** Opening Data to examine block **

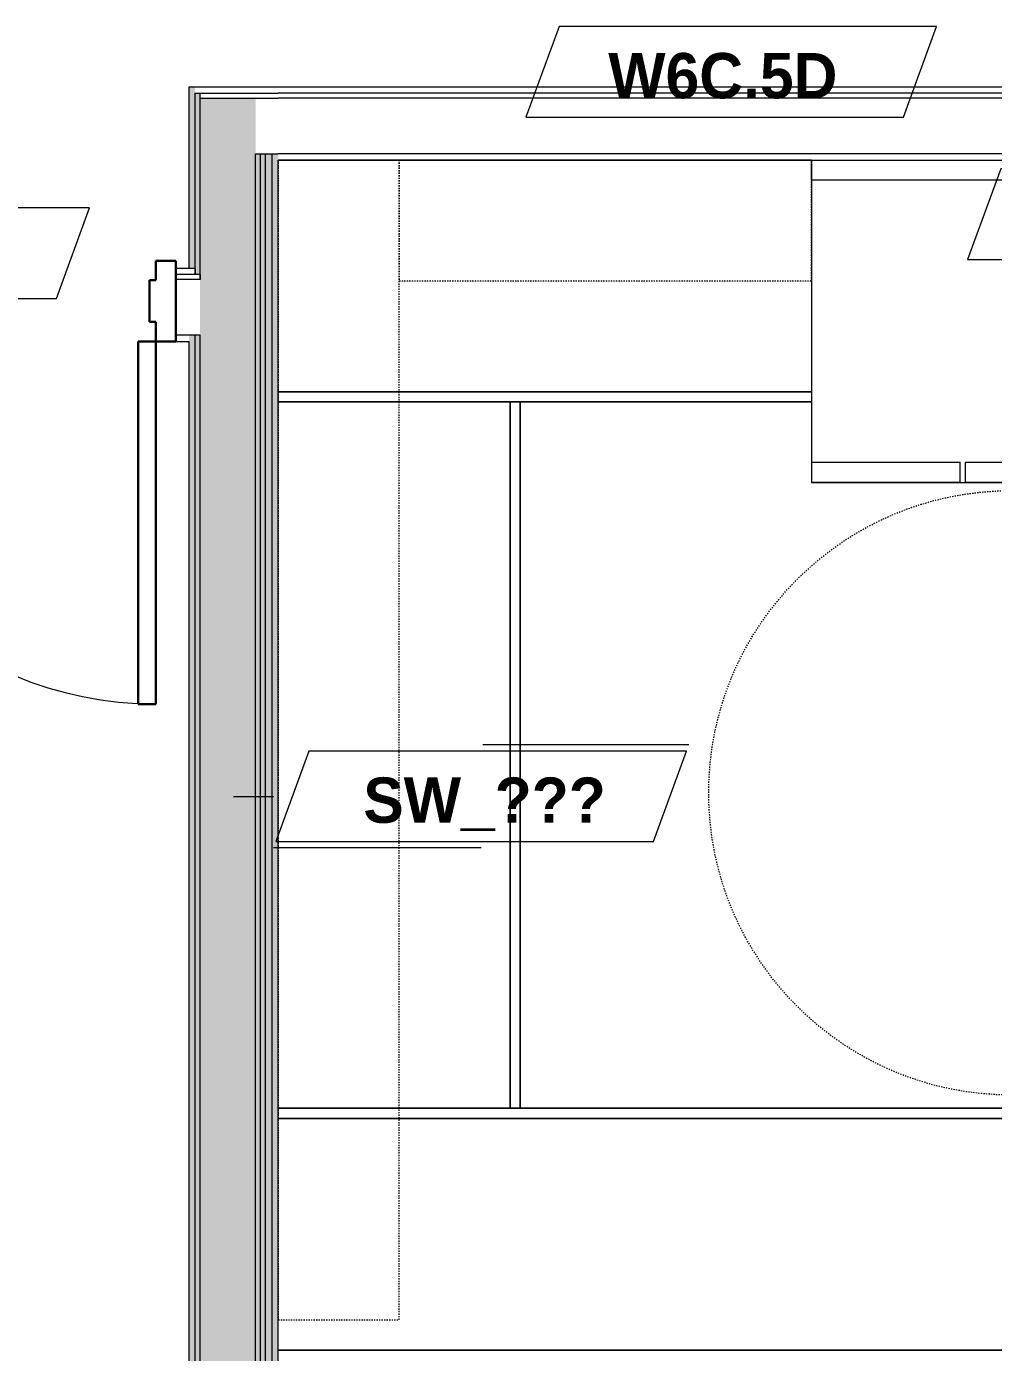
# Model space of a CAD drawing. Header units: inches. Extents: x -4010 to -1872, y 9846 to 12241.
# Drawn here: x -3224.9 to -3128.9, y 11522.2 to 11653.9 of the extents above; entities that cross this region are included whole.
import ezdxf

# ---------------------------------------------------------------- set-up
doc = ezdxf.new("R2010")
doc.units = ezdxf.units.IN
doc.header["$MEASUREMENT"] = 0
doc.linetypes.add('Dash', pattern=[0.25, 0.125, -0.125])
for name, color, linetype, lineweight in [('0-1', 7, 'Continuous', 5), ('0-3', 8, 'Continuous', 9), ('A-DOOR-1', 7, 'Continuous', 9), ('A-DOOR-2', 10, 'Continuous', 30), ('A-DOOR-FRAM-2', 10, 'Continuous', 30), ('A-GENM', 5, 'Continuous', 9), ('A-GENM-HDLN', 13, 'Dash', 9), ('A-WALL-2', 250, 'Continuous', 18), ('A-WALL-IDEN', 211, 'Continuous', 9), ('I-WALL-1', 21, 'Continuous', 18), ('I-WALL-2', 241, 'Continuous', 5), ('I-WALL-3', 7, 'Continuous', 9), ('Q-CASE', 31, 'Continuous', 9), ('Q-CASE-HDLN', 31, 'Dash', 9), ('Q-SPCQ', 91, 'Continuous', 9)]:
    doc.layers.add(name, color=color, linetype=linetype, lineweight=lineweight)
doc.styles.add('Century Gothic_B', font='GOTHICB.TTF', dxfattribs={"height": 4.5})

# ---------------------------------------------------------------- blocks, each defined once
blk = doc.blocks.new('HOLLOW METAL - UNIT DOOR-2191977-UNITS PLANS - 3RD FLOOR')
at = {"layer": 'A-DOOR-1'}
blk.add_arc((18, -3.875), 36, 180, 270, dxfattribs=at)
at = {"layer": 'A-DOOR-2'}
for p, q in [((16.25, -3.875), (18, -3.875)), ((16.25, -39.875), (16.25, -3.875)), ((18, -3.875), (18, -39.875)), ((18, -39.875), (16.25, -39.875))]:
    blk.add_line(p, q, dxfattribs=at)
at = {"layer": 'A-DOOR-FRAM-2'}
for p, q in [((-20, 4.125), (-18, 4.125)), ((-20, -3.875), (-20, 4.125)), ((-18, 4.125), (-18, 2.1875)), ((18, 4.125), (20, 4.125)), ((18, 2.1875), (18, 4.125)), ((20, 4.125), (20, -3.875)), ((-18, 2.1875), (-17.375, 2.1875)), ((-17.375, 2.1875), (-17.375, -1.9375)), ((17.375, 2.1875), (18, 2.1875)), ((17.375, -1.9375), (17.375, 2.1875)), ((-18, -1.9375), (-18, -3.875)), ((-17.375, -1.9375), (-18, -1.9375)), ((18, -1.9375), (17.375, -1.9375)), ((18, -3.875), (18, -1.9375)), ((-18, -3.875), (-20, -3.875)), ((20, -3.875), (18, -3.875))]:
    blk.add_line(p, q, dxfattribs=at)
blk = doc.blocks.new('CTR - 1st Phase - Common Walls_rvt-1-UNITS PLANS - 3RD FLOOR')
at = {"layer": 'I-WALL-1'}
h = blk.add_hatch(color=256, dxfattribs=at)
h.paths.add_polyline_path([(-3208.14, 11255.64), (-3208.14, 11623.24), (-3208.76, 11623.24), (-3208.76, 11255.64)], flags=0)
h.paths.add_polyline_path([(-3208.14, 11629.86), (-3208.14, 11647.86), (-3208.76, 11647.86), (-3208.76, 11629.86)], flags=0)
at = {"layer": 'I-WALL-2'}
h = blk.add_hatch(color=256, dxfattribs=at)
h.paths.add_polyline_path([(-3208.14, 11255.64), (-3207.64, 11255.64), (-3207.64, 11623.24), (-3208.14, 11623.24), (-3208.14, 11268)], flags=0)
h.paths.add_polyline_path([(-3207.64, 11629.24), (-3207.64, 11647.24), (-3208.14, 11647.24), (-3208.14, 11629.24)], flags=0)
for points in [[(-3202.14, 11255.64), (-3202.14, 11646.74), (-3207.64, 11646.74), (-3207.64, 11255.64)], [(-3201.64, 11255.64), (-3201.64, 11641.24), (-3202.14, 11641.24), (-3202.14, 11255.64)], [(-3201.64, 11255.64), (-3201.14, 11255.64), (-3201.14, 11345.27), (-3201.32, 11345.27), (-3201.32, 11383.27), (-3201.14, 11383.27), (-3201.14, 11641.24), (-3201.64, 11641.24), (-3201.64, 11268)]]:
    blk.add_hatch(color=256, dxfattribs=at).paths.add_polyline_path(points, flags=0)
h = blk.add_hatch(color=256, dxfattribs=at)
h.paths.add_polyline_path([(-3201.14, 11255.64), (-3200.51, 11255.64), (-3200.51, 11345.27), (-3201.14, 11345.27), (-3201.14, 11268)], flags=0)
h.paths.add_polyline_path([(-3201.14, 11383.27), (-3200.51, 11383.27), (-3200.51, 11641.24), (-3201.14, 11641.24), (-3201.14, 11417.66)], flags=0)
h = blk.add_hatch(color=256, dxfattribs=at)
h.paths.add_polyline_path([(-3200.51, 11255.64), (-3199.89, 11255.64), (-3199.89, 11345.27), (-3200.51, 11345.27), (-3200.51, 11268)], flags=0)
h.paths.add_polyline_path([(-3200.51, 11383.27), (-3199.89, 11383.27), (-3199.89, 11641.24), (-3200.51, 11641.24), (-3200.51, 11417.66)], flags=0)
at = {"layer": 'A-WALL-2'}
for p, q in [((-3208.14, 11629.86), (-3208.14, 11647.24)), ((-3208.14, 11647.24), (-3207.64, 11647.24)), ((-3207.64, 11646.74), (-3207.64, 11647.24)), ((-3207.64, 11647.24), (-3199.89, 11647.24)), ((-3207.64, 11646.74), (-3207.64, 11647.24)), ((-3207.64, 11629.24), (-3207.64, 11646.74)), ((-3207.64, 11646.74), (-3202.14, 11646.74)), ((-3202.14, 11646.74), (-3199.89, 11646.74)), ((-3110.24, 11647.24), (-3199.89, 11647.24)), ((-3110.24, 11646.74), (-3199.89, 11646.74)), ((-3202.14, 11255.64), (-3202.14, 11641.24)), ((-3202.14, 11641.24), (-3201.64, 11641.24)), ((-3201.64, 11255.64), (-3201.64, 11641.24)), ((-3201.64, 11641.24), (-3201.14, 11641.24)), ((-3201.14, 11383.27), (-3201.14, 11641.24)), ((-3201.14, 11641.24), (-3200.51, 11641.24)), ((-3200.51, 11383.27), (-3200.51, 11641.24)), ((-3200.51, 11641.24), (-3199.89, 11641.24)), ((-3110.24, 11641.24), (-3199.89, 11641.24)), ((-3208.76, 11629.24), (-3210.05, 11629.24)), ((-3208.14, 11629.86), (-3208.76, 11629.86)), ((-3208.14, 11629.24), (-3208.76, 11629.24)), ((-3208.14, 11629.24), (-3208.14, 11629.86)), ((-3208.14, 11629.86), (-3208.14, 11629.24)), ((-3207.64, 11629.24), (-3208.14, 11629.24)), ((-3207.64, 11628.74), (-3207.64, 11629.24)), ((-3207.64, 11629.24), (-3207.64, 11628.74)), ((-3208.76, 11628.74), (-3210.05, 11628.74)), ((-3207.64, 11628.74), (-3208.76, 11628.74)), ((-3208.76, 11623.24), (-3210.05, 11623.24)), ((-3208.14, 11623.24), (-3208.76, 11623.24)), ((-3208.14, 11255.64), (-3208.14, 11623.24)), ((-3207.64, 11623.24), (-3208.14, 11623.24)), ((-3207.64, 11255.64), (-3207.64, 11623.24))]:
    blk.add_line(p, q, dxfattribs=at)
at = {"layer": 'I-WALL-3'}
for p, q in [((-3208.76, 11647.86), (-3208.76, 11629.86)), ((-3208.14, 11647.86), (-3208.76, 11647.86)), ((-3199.89, 11647.86), (-3208.14, 11647.86)), ((-3110.24, 11647.86), (-3199.89, 11647.86)), ((-3199.89, 11383.27), (-3199.89, 11640.61)), ((-3199.89, 11640.61), (-3110.24, 11640.61)), ((-3208.76, 11629.86), (-3210.05, 11629.86)), ((-3210.05, 11622.61), (-3208.76, 11622.61)), ((-3208.76, 11622.61), (-3208.76, 11255.64))]:
    blk.add_line(p, q, dxfattribs=at)
at = {"layer": '0-3'}
blk.add_blockref('HOLLOW METAL - UNIT DOOR-2191977-UNITS PLANS - 3RD FLOOR', (-3230.05, 11626.49), dxfattribs=at)
blk = doc.blocks.new('OD_CW_Upper Cabinet - OD_CW_Upper Cabinet-3856831-UNITS PLANS - 3RD FLOOR')
at = {"layer": 'Q-CASE-HDLN'}
for p, q in [((115.86, 24), (0.74, 24)), ((0.74, 24), (0.74, 12)), ((115.86, 12), (115.86, 24)), ((0.74, 12), (115.86, 12))]:
    blk.add_line(p, q, dxfattribs=at)
blk = doc.blocks.new('OD_CW_Base Cabinet - OD_CW_Base Cabinet-3857755-UNITS PLANS - 3RD FLOOR')
at = {"layer": 'Q-CASE'}
for p, q in [((70.86, 0), (70.86, 24)), ((70.86, 24), (70.86, 1)), ((0.74, 1), (70.86, 1)), ((70.86, 1), (0.74, 1)), ((0.74, 0), (70.86, 0)), ((70.86, 0), (0.74, 0)), ((70.86, 1), (70.86, 0))]:
    blk.add_line(p, q, dxfattribs=at)
blk = doc.blocks.new('OD_CW_Base Cabinet - OD_CW_Base Cabinet-3870381-UNITS PLANS - 3RD FLOOR')
at = {"layer": 'Q-CASE'}
for p, q in [((107.93, 24), (0.74, 24)), ((0.74, 24), (0.74, 0)), ((0.74, 1), (0.74, 24)), ((0.74, 24), (107.93, 24)), ((0.74, 0), (0.74, 1)), ((0.74, 1), (107.93, 1)), ((107.93, 1), (0.74, 1)), ((0.74, 0), (107.93, 0)), ((107.93, 0), (0.74, 0))]:
    blk.add_line(p, q, dxfattribs=at)
blk = doc.blocks.new('ADA Clearances - 5ft Circle-2253126-UNITS PLANS - 3RD FLOOR')
at = {"layer": 'A-GENM-HDLN'}
blk.add_circle((0, 0), 30, dxfattribs=at)
blk = doc.blocks.new('OD_CW_Upper Cabinet - OD_CW_Upper Cabinet-3876458-UNITS PLANS - 3RD FLOOR')
at = {"layer": 'Q-CASE-HDLN'}
for p, q in [((41.64, 24), (0.74, 24)), ((0.74, 24), (0.74, 12)), ((41.64, 12), (41.64, 24)), ((0.74, 12), (41.64, 12))]:
    blk.add_line(p, q, dxfattribs=at)
blk = doc.blocks.new('OD_CW_Base Cabinet - OD_CW_Base Cabinet-3876445-UNITS PLANS - 3RD FLOOR')
at = {"layer": 'Q-CASE'}
for p, q in [((53.64, 24), (0.74, 24)), ((0.74, 24), (53.64, 24)), ((53.64, 22), (53.64, 24)), ((53.64, 24), (53.64, 22)), ((0.74, 1), (53.64, 1)), ((53.64, 1), (0.74, 1)), ((0.74, 0), (53.64, 0)), ((53.64, 0), (0.74, 0))]:
    blk.add_line(p, q, dxfattribs=at)
blk = doc.blocks.new('Refrigerator_-_Side-by-Side_6047 - 36_ X 30_-345559-UNITS PLANS - 3RD FLOOR')
at = {"layer": 'Q-SPCQ'}
for p, q in [((17.87, 14.42), (-17.88, 14.42)), ((-17.88, 14.42), (-17.88, -15.58)), ((17.87, -15.58), (17.87, 14.42)), ((-17.88, -13.58), (-3.13, -13.58)), ((-17.88, -13.58), (-17.88, -15.58)), ((-3.13, -15.58), (-3.13, -13.58)), ((-2.63, -13.58), (17.87, -13.58)), ((-2.63, -13.58), (-2.63, -15.58)), ((17.87, -15.58), (17.87, -13.58)), ((-17.88, -15.58), (17.87, -15.58)), ((-3.13, -15.58), (-17.88, -15.58)), ((17.87, -15.58), (-2.63, -15.58))]:
    blk.add_line(p, q, dxfattribs=at)
blk = doc.blocks.new('Wall Tag - Shear Wall-3956451-UNITS PLANS - 3RD FLOOR')
at = {"layer": 'A-WALL-IDEN'}
for p, q in [((-0.3561, 0.0937), (-0.4244, -0.0937)), ((0.4244, 0.0937), (-0.3561, 0.0937)), ((0.4291, 0.1068), (0.0033, 0.1068)), ((0.3561, -0.0937), (0.4244, 0.0937)), ((0, -0.1068), (-0.4291, -0.1068)), ((-0.4244, -0.0937), (0.3561, -0.0937))]:
    blk.add_line(p, q, dxfattribs=at)
blk = doc.blocks.new('Wall Tag - Arch Wall-3956453-UNITS PLANS - 3RD FLOOR')
at = {"layer": 'A-WALL-IDEN'}
for p, q in [((-0.3561, 0.0937), (-0.4244, -0.0937)), ((0.4244, 0.0937), (-0.3561, 0.0937)), ((0.3561, -0.0937), (0.4244, 0.0937)), ((-0.4244, -0.0937), (0.3561, -0.0937))]:
    blk.add_line(p, q, dxfattribs=at)

msp = doc.modelspace()

# ---------------------------------------------------------------- linework, layer by layer
at = {"layer": 'A-WALL-IDEN'}
msp.add_line((-3204.32374, 11577.44996), (-3200.34643, 11577.44996), dxfattribs=at)

# ---------------------------------------------------------------- block references
at = {"layer": '0-1'}
msp.add_blockref('CTR - 1st Phase - Common Walls_rvt-1-UNITS PLANS - 3RD FLOOR', (0, 0), dxfattribs=at)
at = {"layer": 'A-GENM', "rotation": 180}
msp.add_blockref('ADA Clearances - 5ft Circle-2253126-UNITS PLANS - 3RD FLOOR', (-3127.17374, 11577.79731), dxfattribs=at)
at = {"layer": 'A-WALL-IDEN', "xscale": 47.99999999999997, "yscale": 47.99999999999997, "zscale": 47.99999999999997}
for name, p in [('Wall Tag - Arch Wall-3956453-UNITS PLANS - 3RD FLOOR', (-3154.93624, 11649.36642)), ('Wall Tag - Arch Wall-3956453-UNITS PLANS - 3RD FLOOR', (-3111.11326, 11635.2394)), ('Wall Tag - Arch Wall-3956453-UNITS PLANS - 3RD FLOOR', (-3238.99874, 11631.36642)), ('Wall Tag - Shear Wall-3956451-UNITS PLANS - 3RD FLOOR', (-3179.74888, 11577.44996))]:
    msp.add_blockref(name, p, dxfattribs=at)
at = {"layer": 'Q-CASE'}
for name, p, rotation in [('OD_CW_Upper Cabinet - OD_CW_Upper Cabinet-3856831-UNITS PLANS - 3RD FLOOR', (-3175.88624, 11524.7471), 89.99999999999818), ('OD_CW_Base Cabinet - OD_CW_Base Cabinet-3857755-UNITS PLANS - 3RD FLOOR', (-3175.88624, 11545.7471), 89.9999999999998), ('OD_CW_Base Cabinet - OD_CW_Base Cabinet-3870381-UNITS PLANS - 3RD FLOOR', (-3091.96103, 11546.48481), 180)]:
    msp.add_blockref(name, p, dxfattribs=dict(at, rotation=rotation))
for name, p in [('OD_CW_Base Cabinet - OD_CW_Base Cabinet-3876445-UNITS PLANS - 3RD FLOOR', (-3200.62394, 11616.60981)), ('OD_CW_Upper Cabinet - OD_CW_Upper Cabinet-3876458-UNITS PLANS - 3RD FLOOR', (-3188.62394, 11616.60981))]:
    msp.add_blockref(name, p, dxfattribs=at)
at = {"layer": 'Q-SPCQ'}
msp.add_blockref('Refrigerator_-_Side-by-Side_6047 - 36_ X 30_-345559-UNITS PLANS - 3RD FLOOR', (-3129.11124, 11624.1876), dxfattribs=at)

# ---------------------------------------------------------------- texts
at = {"layer": 'A-WALL-IDEN', "char_height": 4.5, "attachment_point": 1, "style": 'Century Gothic_B'}
for s, insert, width in [('W6C.5D', (-3167.13964, 11651.23772), 29.391), ('SW_???', (-3191.4515, 11579.32126), 28.179)]:
    msp.add_mtext(s, dxfattribs=dict(at, insert=insert, width=width))

doc.saveas('drawing.dxf')

** Closing Data to examine block **

Copy the lines above exactly. Start with the line containing "# Drawn here: x", end with the line containing "color=color, linetype=linetype, lineweight=lineweight)", and include both.

# Drawn here: x -3224.9 to -3128.9, y 11522.2 to 11653.9 of the extents above; entities that cross this region are included whole.
import ezdxf

# ---------------------------------------------------------------- set-up
doc = ezdxf.new("R2010")
doc.units = ezdxf.units.IN
doc.header["$MEASUREMENT"] = 0
doc.linetypes.add('Dash', pattern=[0.25, 0.125, -0.125])
for name, color, linetype, lineweight in [('0-1', 7, 'Continuous', 5), ('0-3', 8, 'Continuous', 9), ('A-DOOR-1', 7, 'Continuous', 9), ('A-DOOR-2', 10, 'Continuous', 30), ('A-DOOR-FRAM-2', 10, 'Continuous', 30), ('A-GENM', 5, 'Continuous', 9), ('A-GENM-HDLN', 13, 'Dash', 9), ('A-WALL-2', 250, 'Continuous', 18), ('A-WALL-IDEN', 211, 'Continuous', 9), ('I-WALL-1', 21, 'Continuous', 18), ('I-WALL-2', 241, 'Continuous', 5), ('I-WALL-3', 7, 'Continuous', 9), ('Q-CASE', 31, 'Continuous', 9), ('Q-CASE-HDLN', 31, 'Dash', 9), ('Q-SPCQ', 91, 'Continuous', 9)]:
    doc.layers.add(name, color=color, linetype=linetype, lineweight=lineweight)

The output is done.